A 10-mintue exposure to 120 dB sound typically shifts your threshold of hearing
temporarily from 0 dB up to 28 dB. Studies have shown that, on average, 10 years
of exposure of 92 dB sound causes a permanent shift of up to 28 dB.
What intensities correspond to 28 dB and 92 dB
To understand the intensities that correspond to 28 dB and 92 dB, we need to first understand the decibel scale and how it relates to sound intensity.
The decibel (dB) scale is a logarithmic scale used to measure sound levels. It is based on a ratio between the sound pressure level and a reference level. The reference level usually used is the threshold of hearing, which is around 0 dB.

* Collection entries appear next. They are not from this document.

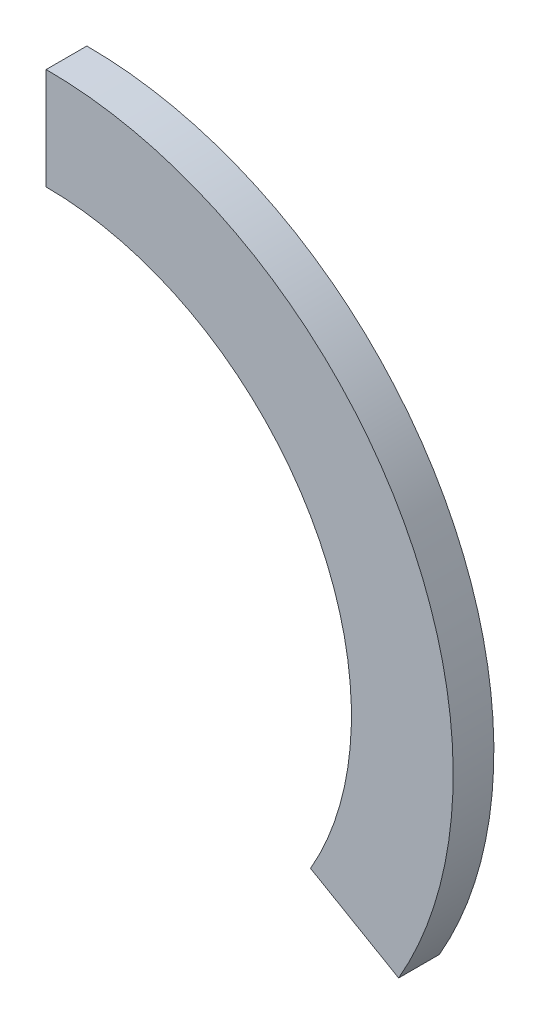
ISO-10303-21;
HEADER;
FILE_DESCRIPTION(('STEP AP214'),'2;1');
FILE_NAME('part.step','',(''),(''),'','','');
FILE_SCHEMA(('AUTOMOTIVE_DESIGN { 1 0 10303 214 1 1 1 1 }'));
ENDSEC;
DATA;
#1=APPLICATION_CONTEXT('core data for automotive mechanical design processes');
#2=APPLICATION_PROTOCOL_DEFINITION('international standard','automotive_design',2000,#1);
#3=PRODUCT_CONTEXT('',#1,'mechanical');
#4=PRODUCT('Part','Part','',(#3));
#5=PRODUCT_RELATED_PRODUCT_CATEGORY('part','',(#4));
#6=PRODUCT_DEFINITION_FORMATION('','',#4);
#7=PRODUCT_DEFINITION_CONTEXT('part definition',#1,'design');
#8=PRODUCT_DEFINITION('design','',#6,#7);
#9=PRODUCT_DEFINITION_SHAPE('','',#8);
#10=(LENGTH_UNIT() NAMED_UNIT(*) SI_UNIT(.MILLI.,.METRE.));
#11=(NAMED_UNIT(*) PLANE_ANGLE_UNIT() SI_UNIT($,.RADIAN.));
#12=(NAMED_UNIT(*) SI_UNIT($,.STERADIAN.) SOLID_ANGLE_UNIT());
#13=UNCERTAINTY_MEASURE_WITH_UNIT(LENGTH_MEASURE(1.E-05),#10,'distance_accuracy_value','');
#14=(GEOMETRIC_REPRESENTATION_CONTEXT(3) GLOBAL_UNCERTAINTY_ASSIGNED_CONTEXT((#13)) GLOBAL_UNIT_ASSIGNED_CONTEXT((#10,
#11,#12)) REPRESENTATION_CONTEXT('',''));
#15=CARTESIAN_POINT('',(0.,0.,0.));
#16=DIRECTION('',(0.,0.,1.));
#17=DIRECTION('',(1.,0.,0.));
#18=AXIS2_PLACEMENT_3D('',#15,#16,#17);
#19=CARTESIAN_POINT('',(51.961523814938,-30.0000007138274,8.));
#20=DIRECTION('',(0.500000000000003,0.866025403784437,0.));
#21=DIRECTION('',(-0.866025403784437,0.500000000000003,0.));
#22=AXIS2_PLACEMENT_3D('',#19,#20,#21);
#23=PLANE('',#22);
#24=DIRECTION('',(0.866025403784437,-0.500000000000002,0.));
#25=VECTOR('',#24,1.);
#26=CARTESIAN_POINT('',(51.961523814938,-30.0000007138274,0.));
#27=LINE('',#26,#25);
#28=CARTESIAN_POINT('',(51.9615238149379,-30.0000007138274,0.));
#29=VERTEX_POINT('',#28);
#30=CARTESIAN_POINT('',(69.2820318906267,-40.0000007138274,0.));
#31=VERTEX_POINT('',#30);
#32=EDGE_CURVE('E96',#29,#31,#27,.T.);
#33=ORIENTED_EDGE('',*,*,#32,.T.);
#34=DIRECTION('',(0.,0.,-1.));
#35=VECTOR('',#34,1.);
#36=CARTESIAN_POINT('',(69.2820318906267,-40.0000007138274,8.));
#37=LINE('',#36,#35);
#38=CARTESIAN_POINT('',(69.2820318906267,-40.0000007138274,8.));
#39=VERTEX_POINT('',#38);
#40=EDGE_CURVE('E11',#39,#31,#37,.T.);
#41=ORIENTED_EDGE('',*,*,#40,.F.);
#42=DIRECTION('',(0.866025403784437,-0.500000000000002,0.));
#43=VECTOR('',#42,1.);
#44=CARTESIAN_POINT('',(51.961523814938,-30.0000007138274,8.));
#45=LINE('',#44,#43);
#46=CARTESIAN_POINT('',(51.9615238149379,-30.0000007138274,8.));
#47=VERTEX_POINT('',#46);
#48=EDGE_CURVE('E82',#47,#39,#45,.T.);
#49=ORIENTED_EDGE('',*,*,#48,.F.);
#50=DIRECTION('',(0.,0.,-1.));
#51=VECTOR('',#50,1.);
#52=CARTESIAN_POINT('',(51.9615238149379,-30.0000007138274,8.));
#53=LINE('',#52,#51);
#54=EDGE_CURVE('E49',#47,#29,#53,.T.);
#55=ORIENTED_EDGE('',*,*,#54,.T.);
#56=EDGE_LOOP('',(#33,#41,#49,#55));
#57=FACE_BOUND('',#56,.T.);
#58=ADVANCED_FACE('F33',(#57),#23,.F.);
#59=CARTESIAN_POINT('',(0.,0.,8.));
#60=DIRECTION('',(0.,0.,-1.));
#61=DIRECTION('',(-1.,0.,0.));
#62=AXIS2_PLACEMENT_3D('',#59,#60,#61);
#63=CYLINDRICAL_SURFACE('',#62,80.);
#64=CARTESIAN_POINT('',(0.,0.,0.));
#65=DIRECTION('',(0.,0.,1.));
#66=DIRECTION('',(1.,0.,0.));
#67=AXIS2_PLACEMENT_3D('',#64,#65,#66);
#68=CIRCLE('',#67,80.);
#69=CARTESIAN_POINT('',(0.,80.,0.));
#70=VERTEX_POINT('',#69);
#71=EDGE_CURVE('E87',#31,#70,#68,.T.);
#72=ORIENTED_EDGE('',*,*,#71,.T.);
#73=DIRECTION('',(0.,0.,-1.));
#74=VECTOR('',#73,1.);
#75=CARTESIAN_POINT('',(0.,80.,8.));
#76=LINE('',#75,#74);
#77=CARTESIAN_POINT('',(0.,80.,8.));
#78=VERTEX_POINT('',#77);
#79=EDGE_CURVE('E41',#78,#70,#76,.T.);
#80=ORIENTED_EDGE('',*,*,#79,.F.);
#81=CARTESIAN_POINT('',(0.,0.,8.));
#82=DIRECTION('',(0.,0.,1.));
#83=DIRECTION('',(1.,0.,0.));
#84=AXIS2_PLACEMENT_3D('',#81,#82,#83);
#85=CIRCLE('',#84,80.);
#86=EDGE_CURVE('E74',#39,#78,#85,.T.);
#87=ORIENTED_EDGE('',*,*,#86,.F.);
#88=ORIENTED_EDGE('',*,*,#40,.T.);
#89=EDGE_LOOP('',(#72,#80,#87,#88));
#90=FACE_BOUND('',#89,.T.);
#91=ADVANCED_FACE('F86',(#90),#63,.T.);
#92=CARTESIAN_POINT('',(0.,60.,8.));
#93=DIRECTION('',(-1.,0.,0.));
#94=DIRECTION('',(0.,0.,1.));
#95=AXIS2_PLACEMENT_3D('',#92,#93,#94);
#96=PLANE('',#95);
#97=DIRECTION('',(0.,1.,0.));
#98=VECTOR('',#97,1.);
#99=CARTESIAN_POINT('',(0.,60.,0.));
#100=LINE('',#99,#98);
#101=CARTESIAN_POINT('',(0.,60.,0.));
#102=VERTEX_POINT('',#101);
#103=EDGE_CURVE('E99',#102,#70,#100,.T.);
#104=ORIENTED_EDGE('',*,*,#103,.F.);
#105=DIRECTION('',(0.,0.,-1.));
#106=VECTOR('',#105,1.);
#107=CARTESIAN_POINT('',(0.,60.,8.));
#108=LINE('',#107,#106);
#109=CARTESIAN_POINT('',(0.,60.,8.));
#110=VERTEX_POINT('',#109);
#111=EDGE_CURVE('E63',#110,#102,#108,.T.);
#112=ORIENTED_EDGE('',*,*,#111,.F.);
#113=DIRECTION('',(0.,1.,0.));
#114=VECTOR('',#113,1.);
#115=CARTESIAN_POINT('',(0.,60.,8.));
#116=LINE('',#115,#114);
#117=EDGE_CURVE('E81',#110,#78,#116,.T.);
#118=ORIENTED_EDGE('',*,*,#117,.T.);
#119=ORIENTED_EDGE('',*,*,#79,.T.);
#120=EDGE_LOOP('',(#104,#112,#118,#119));
#121=FACE_BOUND('',#120,.T.);
#122=ADVANCED_FACE('F90',(#121),#96,.T.);
#123=CARTESIAN_POINT('',(0.,0.,8.));
#124=DIRECTION('',(0.,0.,-1.));
#125=DIRECTION('',(-1.,0.,0.));
#126=AXIS2_PLACEMENT_3D('',#123,#124,#125);
#127=CYLINDRICAL_SURFACE('',#126,60.);
#128=CARTESIAN_POINT('',(0.,0.,0.));
#129=DIRECTION('',(0.,0.,1.));
#130=DIRECTION('',(1.,0.,0.));
#131=AXIS2_PLACEMENT_3D('',#128,#129,#130);
#132=CIRCLE('',#131,60.);
#133=EDGE_CURVE('E101',#29,#102,#132,.T.);
#134=ORIENTED_EDGE('',*,*,#133,.F.);
#135=ORIENTED_EDGE('',*,*,#54,.F.);
#136=CARTESIAN_POINT('',(0.,0.,8.));
#137=DIRECTION('',(0.,0.,1.));
#138=DIRECTION('',(1.,0.,0.));
#139=AXIS2_PLACEMENT_3D('',#136,#137,#138);
#140=CIRCLE('',#139,60.);
#141=EDGE_CURVE('E91',#47,#110,#140,.T.);
#142=ORIENTED_EDGE('',*,*,#141,.T.);
#143=ORIENTED_EDGE('',*,*,#111,.T.);
#144=EDGE_LOOP('',(#134,#135,#142,#143));
#145=FACE_BOUND('',#144,.T.);
#146=ADVANCED_FACE('F107',(#145),#127,.F.);
#147=CARTESIAN_POINT('',(0.,0.,8.));
#148=DIRECTION('',(0.,0.,1.));
#149=DIRECTION('',(1.,0.,0.));
#150=AXIS2_PLACEMENT_3D('',#147,#148,#149);
#151=PLANE('',#150);
#152=ORIENTED_EDGE('',*,*,#48,.T.);
#153=ORIENTED_EDGE('',*,*,#86,.T.);
#154=ORIENTED_EDGE('',*,*,#117,.F.);
#155=ORIENTED_EDGE('',*,*,#141,.F.);
#156=EDGE_LOOP('',(#152,#153,#154,#155));
#157=FACE_BOUND('',#156,.T.);
#158=ADVANCED_FACE('F78',(#157),#151,.T.);
#159=CARTESIAN_POINT('',(0.,0.,0.));
#160=DIRECTION('',(0.,0.,1.));
#161=DIRECTION('',(1.,0.,0.));
#162=AXIS2_PLACEMENT_3D('',#159,#160,#161);
#163=PLANE('',#162);
#164=ORIENTED_EDGE('',*,*,#32,.F.);
#165=ORIENTED_EDGE('',*,*,#133,.T.);
#166=ORIENTED_EDGE('',*,*,#103,.T.);
#167=ORIENTED_EDGE('',*,*,#71,.F.);
#168=EDGE_LOOP('',(#164,#165,#166,#167));
#169=FACE_BOUND('',#168,.T.);
#170=ADVANCED_FACE('F106',(#169),#163,.F.);
#171=CLOSED_SHELL('',(#58,#91,#122,#146,#158,#170));
#172=MANIFOLD_SOLID_BREP('B2',#171);
#173=ADVANCED_BREP_SHAPE_REPRESENTATION('',(#18,#172),#14);
#174=SHAPE_DEFINITION_REPRESENTATION(#9,#173);
ENDSEC;
END-ISO-10303-21;

Now, let's calculate the intensities corresponding to 28 dB and 92 dB.
To calculate the intensity corresponding to a certain sound level, we can use the formula:
I = I₀ * 10^(L/10)
Where:
- I is the sound intensity in watts per square meter (W/m²).
- I₀ is the reference intensity, which is typically set at 10^(-12) W/m².
- L is the sound level in decibels.
For 28 dB:
I = I₀ * 10^(28/10)
Substituting I₀ = 10^(-12) W/m²:
I = 10^(-12) * 10^(28/10)
Simplifying the equation:
I = 10^(16/10) W/m²
Calculating the value:
I ≈ 39.81 W/m²
So, the sound intensity corresponding to 28 dB is approximately 39.81 W/m².
For 92 dB:
I = I₀ * 10^(92/10)
Substituting I₀ = 10^(-12) W/m²:
I = 10^(-12) * 10^(92/10)
Simplifying the equation:
I = 10^(46/10) W/m²
Calculating the value:
I ≈ 2511.89 W/m²
Therefore, the sound intensity corresponding to 92 dB is approximately 2511.89 W/m².